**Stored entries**
════════════════════
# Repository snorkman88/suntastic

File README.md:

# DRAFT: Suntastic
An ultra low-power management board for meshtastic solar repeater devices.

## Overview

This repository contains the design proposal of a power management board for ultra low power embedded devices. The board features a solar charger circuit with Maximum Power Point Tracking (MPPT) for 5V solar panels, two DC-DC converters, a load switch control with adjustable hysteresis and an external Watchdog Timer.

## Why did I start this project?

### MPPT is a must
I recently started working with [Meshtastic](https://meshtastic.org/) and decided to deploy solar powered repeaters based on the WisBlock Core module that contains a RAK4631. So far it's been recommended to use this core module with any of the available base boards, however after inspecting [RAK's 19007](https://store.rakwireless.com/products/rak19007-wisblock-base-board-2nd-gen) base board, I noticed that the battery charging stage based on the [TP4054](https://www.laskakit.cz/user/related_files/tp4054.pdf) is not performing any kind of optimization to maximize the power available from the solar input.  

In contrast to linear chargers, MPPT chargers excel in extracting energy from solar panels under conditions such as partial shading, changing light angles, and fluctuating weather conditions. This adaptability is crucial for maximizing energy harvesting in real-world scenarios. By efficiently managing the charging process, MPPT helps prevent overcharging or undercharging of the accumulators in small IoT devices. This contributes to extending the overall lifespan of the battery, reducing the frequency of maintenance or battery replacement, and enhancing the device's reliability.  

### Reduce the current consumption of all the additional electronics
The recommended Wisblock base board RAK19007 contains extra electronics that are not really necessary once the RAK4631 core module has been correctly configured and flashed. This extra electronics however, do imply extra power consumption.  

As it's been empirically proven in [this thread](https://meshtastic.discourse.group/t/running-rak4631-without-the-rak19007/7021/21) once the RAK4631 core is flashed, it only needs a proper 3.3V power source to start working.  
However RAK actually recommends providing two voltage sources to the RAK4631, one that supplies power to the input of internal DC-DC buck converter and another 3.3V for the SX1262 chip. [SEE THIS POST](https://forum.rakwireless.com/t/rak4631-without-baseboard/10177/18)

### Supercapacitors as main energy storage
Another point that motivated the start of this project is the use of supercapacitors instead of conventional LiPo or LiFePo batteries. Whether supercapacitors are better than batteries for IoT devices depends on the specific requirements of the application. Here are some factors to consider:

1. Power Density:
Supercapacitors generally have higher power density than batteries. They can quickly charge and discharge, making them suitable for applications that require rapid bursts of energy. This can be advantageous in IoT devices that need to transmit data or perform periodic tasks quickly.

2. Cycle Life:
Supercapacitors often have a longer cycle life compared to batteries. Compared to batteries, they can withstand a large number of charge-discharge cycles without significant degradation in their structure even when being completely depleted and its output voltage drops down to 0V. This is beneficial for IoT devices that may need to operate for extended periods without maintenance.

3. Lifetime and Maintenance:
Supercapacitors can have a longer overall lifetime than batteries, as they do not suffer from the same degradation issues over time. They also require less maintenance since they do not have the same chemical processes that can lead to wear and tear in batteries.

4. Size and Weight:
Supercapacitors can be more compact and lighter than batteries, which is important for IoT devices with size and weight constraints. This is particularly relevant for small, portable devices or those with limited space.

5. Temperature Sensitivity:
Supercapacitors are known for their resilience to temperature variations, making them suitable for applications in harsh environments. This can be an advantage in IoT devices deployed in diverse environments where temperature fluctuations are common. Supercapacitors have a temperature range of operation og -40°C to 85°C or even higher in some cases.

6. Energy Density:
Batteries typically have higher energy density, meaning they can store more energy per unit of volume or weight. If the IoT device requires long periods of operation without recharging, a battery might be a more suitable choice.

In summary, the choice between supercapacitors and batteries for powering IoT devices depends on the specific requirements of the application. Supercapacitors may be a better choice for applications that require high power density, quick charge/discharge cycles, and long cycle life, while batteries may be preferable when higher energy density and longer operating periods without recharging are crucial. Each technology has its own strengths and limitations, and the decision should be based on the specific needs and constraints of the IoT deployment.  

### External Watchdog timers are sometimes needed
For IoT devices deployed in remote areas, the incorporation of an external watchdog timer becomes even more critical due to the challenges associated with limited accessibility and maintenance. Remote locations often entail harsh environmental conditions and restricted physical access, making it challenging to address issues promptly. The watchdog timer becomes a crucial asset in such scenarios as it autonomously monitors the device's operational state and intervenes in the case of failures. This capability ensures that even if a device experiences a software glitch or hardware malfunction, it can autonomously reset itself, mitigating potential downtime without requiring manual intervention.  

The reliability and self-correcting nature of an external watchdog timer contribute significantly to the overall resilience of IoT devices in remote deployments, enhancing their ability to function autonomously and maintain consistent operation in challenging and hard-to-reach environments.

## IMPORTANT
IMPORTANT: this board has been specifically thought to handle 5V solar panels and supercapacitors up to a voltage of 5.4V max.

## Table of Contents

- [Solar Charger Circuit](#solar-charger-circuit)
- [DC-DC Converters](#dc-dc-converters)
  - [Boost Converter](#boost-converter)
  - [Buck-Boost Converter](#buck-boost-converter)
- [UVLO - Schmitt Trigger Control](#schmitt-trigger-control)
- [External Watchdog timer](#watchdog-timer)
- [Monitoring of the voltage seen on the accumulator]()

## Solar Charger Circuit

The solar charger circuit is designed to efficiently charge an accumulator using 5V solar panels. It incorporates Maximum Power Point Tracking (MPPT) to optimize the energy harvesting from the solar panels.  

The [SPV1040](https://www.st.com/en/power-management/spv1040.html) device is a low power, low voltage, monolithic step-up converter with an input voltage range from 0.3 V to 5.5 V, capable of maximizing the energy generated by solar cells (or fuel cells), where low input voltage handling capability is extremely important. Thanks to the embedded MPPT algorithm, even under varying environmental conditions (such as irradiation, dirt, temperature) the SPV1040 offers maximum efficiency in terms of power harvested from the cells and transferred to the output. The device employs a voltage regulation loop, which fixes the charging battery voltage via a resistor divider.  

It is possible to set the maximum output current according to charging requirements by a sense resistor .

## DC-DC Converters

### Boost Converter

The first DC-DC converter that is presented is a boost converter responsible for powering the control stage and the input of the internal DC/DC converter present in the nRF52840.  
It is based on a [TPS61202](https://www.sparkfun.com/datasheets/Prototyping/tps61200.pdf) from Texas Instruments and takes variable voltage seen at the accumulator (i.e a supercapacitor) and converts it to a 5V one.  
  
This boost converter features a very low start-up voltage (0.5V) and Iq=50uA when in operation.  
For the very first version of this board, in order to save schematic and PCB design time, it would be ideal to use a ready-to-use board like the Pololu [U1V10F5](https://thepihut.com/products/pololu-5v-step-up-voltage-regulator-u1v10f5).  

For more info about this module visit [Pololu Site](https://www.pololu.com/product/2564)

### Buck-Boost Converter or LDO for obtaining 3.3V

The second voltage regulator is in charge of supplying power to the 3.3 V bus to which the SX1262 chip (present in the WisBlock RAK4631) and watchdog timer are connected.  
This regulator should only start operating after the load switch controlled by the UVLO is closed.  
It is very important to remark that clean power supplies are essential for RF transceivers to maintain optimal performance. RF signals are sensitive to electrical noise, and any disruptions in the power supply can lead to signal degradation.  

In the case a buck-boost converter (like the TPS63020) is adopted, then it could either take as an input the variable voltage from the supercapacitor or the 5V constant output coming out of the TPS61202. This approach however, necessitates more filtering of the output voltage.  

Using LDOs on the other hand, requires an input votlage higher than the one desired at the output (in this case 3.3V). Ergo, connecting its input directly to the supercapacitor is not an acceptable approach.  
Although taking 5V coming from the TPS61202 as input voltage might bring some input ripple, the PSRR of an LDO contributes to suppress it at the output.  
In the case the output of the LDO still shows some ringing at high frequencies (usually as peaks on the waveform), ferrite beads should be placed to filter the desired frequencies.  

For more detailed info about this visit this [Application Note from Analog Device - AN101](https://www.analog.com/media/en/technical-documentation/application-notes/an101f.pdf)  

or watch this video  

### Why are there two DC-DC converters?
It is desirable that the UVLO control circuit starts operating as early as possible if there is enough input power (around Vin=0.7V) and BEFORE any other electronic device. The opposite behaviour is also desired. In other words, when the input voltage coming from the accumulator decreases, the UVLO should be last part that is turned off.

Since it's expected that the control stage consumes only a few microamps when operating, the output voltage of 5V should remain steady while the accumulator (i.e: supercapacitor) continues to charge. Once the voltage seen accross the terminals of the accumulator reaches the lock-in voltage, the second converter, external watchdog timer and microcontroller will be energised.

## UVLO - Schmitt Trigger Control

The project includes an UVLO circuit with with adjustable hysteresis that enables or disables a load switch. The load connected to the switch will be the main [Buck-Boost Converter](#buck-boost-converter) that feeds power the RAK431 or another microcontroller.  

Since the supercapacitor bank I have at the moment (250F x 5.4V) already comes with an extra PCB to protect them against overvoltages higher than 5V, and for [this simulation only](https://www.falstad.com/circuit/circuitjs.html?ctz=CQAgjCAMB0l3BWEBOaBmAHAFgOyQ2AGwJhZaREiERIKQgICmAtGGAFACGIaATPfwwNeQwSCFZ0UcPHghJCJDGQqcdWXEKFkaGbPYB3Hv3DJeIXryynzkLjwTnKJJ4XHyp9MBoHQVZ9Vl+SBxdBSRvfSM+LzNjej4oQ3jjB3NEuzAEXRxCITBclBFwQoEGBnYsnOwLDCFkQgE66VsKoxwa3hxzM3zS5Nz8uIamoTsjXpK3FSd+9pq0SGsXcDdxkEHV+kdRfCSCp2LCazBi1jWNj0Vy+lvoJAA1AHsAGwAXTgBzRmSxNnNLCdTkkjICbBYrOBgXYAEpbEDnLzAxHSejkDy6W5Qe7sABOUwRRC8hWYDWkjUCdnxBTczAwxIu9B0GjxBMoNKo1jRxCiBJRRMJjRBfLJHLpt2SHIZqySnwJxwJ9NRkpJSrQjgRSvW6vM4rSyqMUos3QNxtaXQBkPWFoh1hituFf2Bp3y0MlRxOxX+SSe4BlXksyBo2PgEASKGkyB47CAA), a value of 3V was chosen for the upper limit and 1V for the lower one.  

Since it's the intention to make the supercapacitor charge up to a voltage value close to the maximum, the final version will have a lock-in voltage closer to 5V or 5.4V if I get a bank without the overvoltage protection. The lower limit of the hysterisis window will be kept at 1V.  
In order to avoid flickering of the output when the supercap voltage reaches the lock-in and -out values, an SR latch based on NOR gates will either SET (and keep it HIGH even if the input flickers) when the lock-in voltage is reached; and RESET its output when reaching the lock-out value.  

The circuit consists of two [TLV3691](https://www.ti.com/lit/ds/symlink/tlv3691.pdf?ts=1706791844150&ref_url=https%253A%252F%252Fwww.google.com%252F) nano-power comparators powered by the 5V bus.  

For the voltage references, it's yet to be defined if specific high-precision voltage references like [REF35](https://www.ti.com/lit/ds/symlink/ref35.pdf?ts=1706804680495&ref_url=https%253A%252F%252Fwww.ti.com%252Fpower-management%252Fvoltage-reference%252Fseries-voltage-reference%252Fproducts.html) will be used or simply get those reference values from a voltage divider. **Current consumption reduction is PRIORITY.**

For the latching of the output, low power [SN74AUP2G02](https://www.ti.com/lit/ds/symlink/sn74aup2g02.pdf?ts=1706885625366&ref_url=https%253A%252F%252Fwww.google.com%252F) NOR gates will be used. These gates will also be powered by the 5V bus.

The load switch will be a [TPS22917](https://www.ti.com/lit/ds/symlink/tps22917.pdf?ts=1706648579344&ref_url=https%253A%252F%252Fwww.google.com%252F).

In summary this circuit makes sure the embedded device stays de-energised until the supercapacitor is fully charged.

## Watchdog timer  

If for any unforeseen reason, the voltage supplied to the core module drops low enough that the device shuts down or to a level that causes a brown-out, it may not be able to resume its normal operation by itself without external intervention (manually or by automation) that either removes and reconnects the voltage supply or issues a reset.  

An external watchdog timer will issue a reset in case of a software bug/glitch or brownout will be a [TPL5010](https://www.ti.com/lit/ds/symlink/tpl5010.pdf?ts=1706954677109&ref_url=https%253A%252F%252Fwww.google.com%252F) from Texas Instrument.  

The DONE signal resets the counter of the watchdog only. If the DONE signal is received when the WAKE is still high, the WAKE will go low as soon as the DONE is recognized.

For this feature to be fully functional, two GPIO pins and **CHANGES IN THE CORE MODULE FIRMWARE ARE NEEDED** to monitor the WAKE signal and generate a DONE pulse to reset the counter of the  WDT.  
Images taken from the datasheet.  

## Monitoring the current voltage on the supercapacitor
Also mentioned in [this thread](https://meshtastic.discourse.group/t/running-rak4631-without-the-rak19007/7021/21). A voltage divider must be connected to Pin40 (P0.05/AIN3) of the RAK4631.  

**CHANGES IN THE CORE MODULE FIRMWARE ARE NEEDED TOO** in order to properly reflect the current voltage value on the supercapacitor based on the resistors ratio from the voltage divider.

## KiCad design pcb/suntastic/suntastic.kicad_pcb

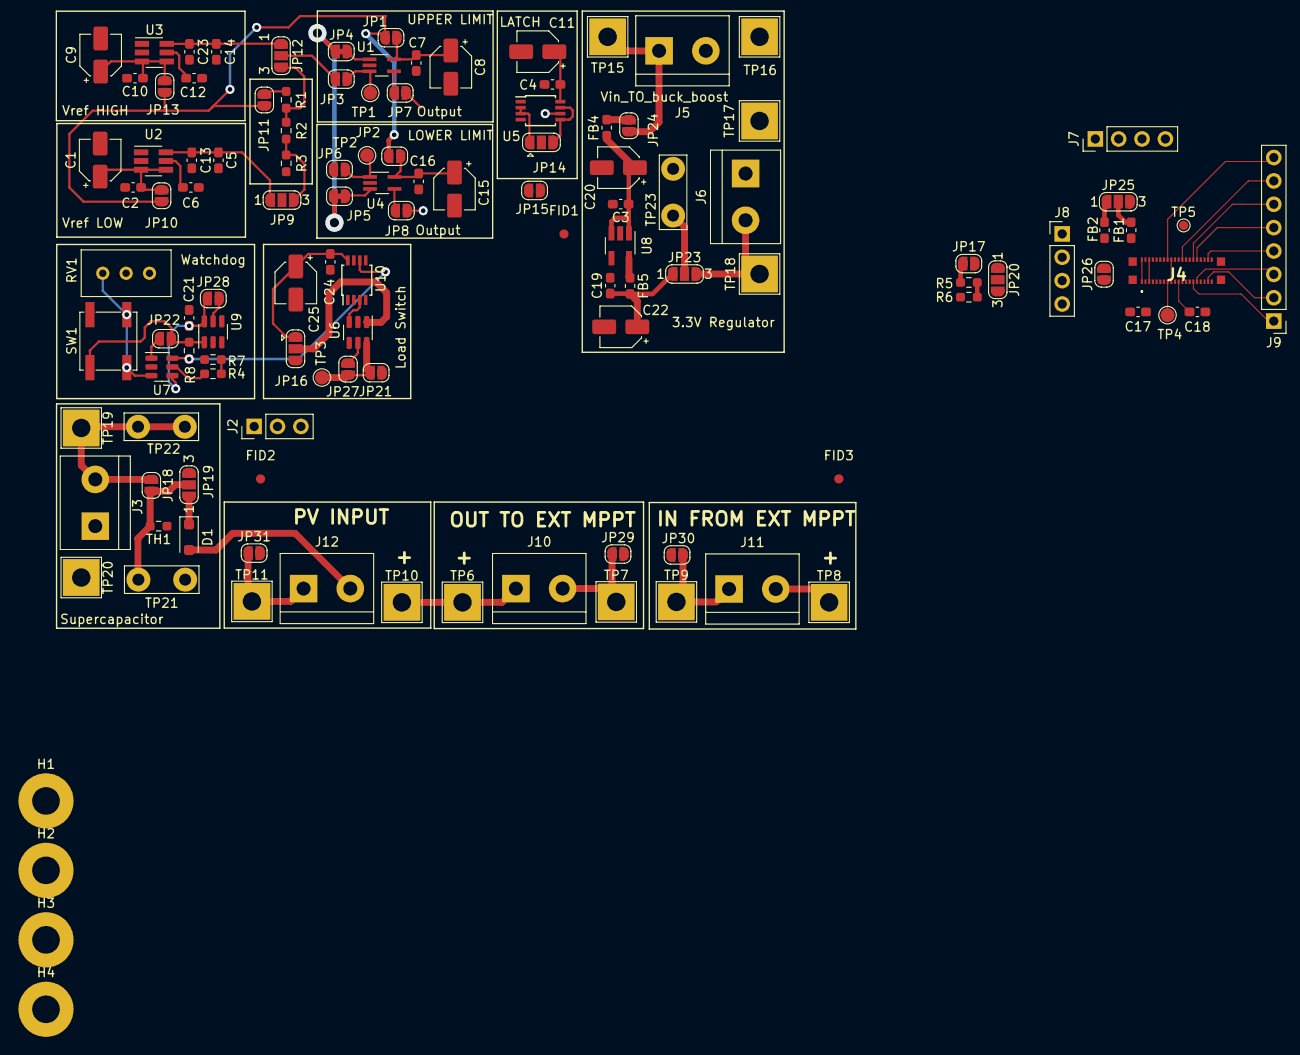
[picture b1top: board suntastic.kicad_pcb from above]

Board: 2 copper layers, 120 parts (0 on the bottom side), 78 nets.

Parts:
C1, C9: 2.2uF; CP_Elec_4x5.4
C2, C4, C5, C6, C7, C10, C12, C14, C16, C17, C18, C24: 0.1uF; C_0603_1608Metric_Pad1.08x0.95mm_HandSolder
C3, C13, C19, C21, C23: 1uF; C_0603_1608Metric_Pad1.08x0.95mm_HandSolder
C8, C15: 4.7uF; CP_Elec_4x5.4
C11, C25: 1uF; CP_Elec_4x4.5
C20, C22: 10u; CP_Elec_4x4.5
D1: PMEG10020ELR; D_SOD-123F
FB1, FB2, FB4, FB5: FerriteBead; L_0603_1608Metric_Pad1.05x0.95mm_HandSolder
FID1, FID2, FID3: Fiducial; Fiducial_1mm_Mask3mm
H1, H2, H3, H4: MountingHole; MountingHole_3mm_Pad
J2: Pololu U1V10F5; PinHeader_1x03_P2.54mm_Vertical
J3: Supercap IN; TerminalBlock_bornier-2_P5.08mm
════════════════════
Give again, exactly as written, the lines running from the first line of the data above through the line that contains "### MPPT is a must".

**Result of the task**
# Repository snorkman88/suntastic

File README.md:

# DRAFT: Suntastic
An ultra low-power management board for meshtastic solar repeater devices.

## Overview

This repository contains the design proposal of a power management board for ultra low power embedded devices. The board features a solar charger circuit with Maximum Power Point Tracking (MPPT) for 5V solar panels, two DC-DC converters, a load switch control with adjustable hysteresis and an external Watchdog Timer.

## Why did I start this project?

### MPPT is a must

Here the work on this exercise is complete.